Kevin Gemas, president of Titan Spine, commented, “Over the past year, Titan achieved several milestones that attributed to our global growth and further validated our position as the leader in surface technology. These include the expanded use of our devices in Europe, securing market registration approval in Australia and New Zealand, and obtaining FDA clearance for both the Endoskeleton TL, the first lateral device to feature surface technology, as well as our next generation nanoLOCK surface technology, the first FDA-cleared interbody fusion devices to feature nanotechnology.”
Steve Cichy, vice president of sales of Titan Spine, said, “the science of our surface technology is beginning to resonate deeply within the surgeon and scientific communities.” Titan Spine is now implanting around 7,000 implants per year, with over 220 hospital customers and over 90 US distributors. The company is also planning the full launch of its Endoskeleton TL lateral device as well as another interbody device in Q1 of 2015.

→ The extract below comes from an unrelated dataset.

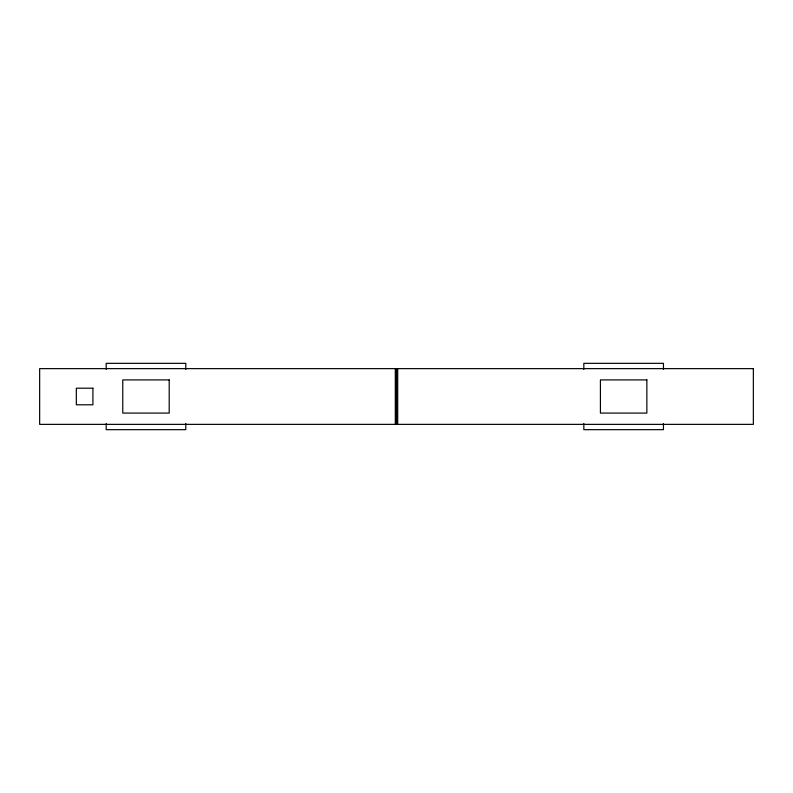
<?xml version="1.0" encoding="UTF-8"?>
<svg xmlns="http://www.w3.org/2000/svg" width="793" height="793" viewBox="0 0 793 793"><rect width="100%" height="100%" fill="white"/><g stroke="black" fill="none" stroke-linecap="round" stroke-linejoin="round"><path stroke-width="1.19" d="M663.444 369.469L663.444 363.333L583.836 363.333L583.836 369.469M663.444 423.531L663.444 429.667L583.836 429.667L583.836 423.531M397.699 368.636L397.699 424.364M396.5 368.636L396.5 424.364M395.301 368.636L395.301 424.364M185.79 369.469L185.79 363.333L106.183 363.333L106.183 369.469M185.79 423.531L185.79 429.667L106.183 429.667L106.183 423.531M753.35 368.636L39.65 368.636L39.65 424.364L753.35 424.364L753.35 368.636M169.206 379.916L122.766 379.916L122.766 413.084L169.206 413.084L169.206 379.916M646.86 379.916L600.42 379.916L600.42 413.084L646.86 413.084L646.86 379.916M92.91 388.203L76.326 388.203L76.326 404.797L92.91 404.797L92.91 388.203"/></g></svg>

The full line of Endoskeleton devices will feature Titan Spine’s nanoLOCK implant surface technology, consisting of a combination of roughened topographies at the macro, micro, and nano levels. This combination of surface topographies is designed to create an optimal host-bone response and actively participate in the fusion process by promoting the upregulation of osteogenic and angiogenic factors necessary for bone growth, encouraging natural production of bone morphogenetic proteins, and creating the potential for a faster and more robust fusion. All of the company’s surface technologies are created through a reductive process, which Titan Spine says eliminates the potential for delamination when compared to products with a PEEK-titanium interface.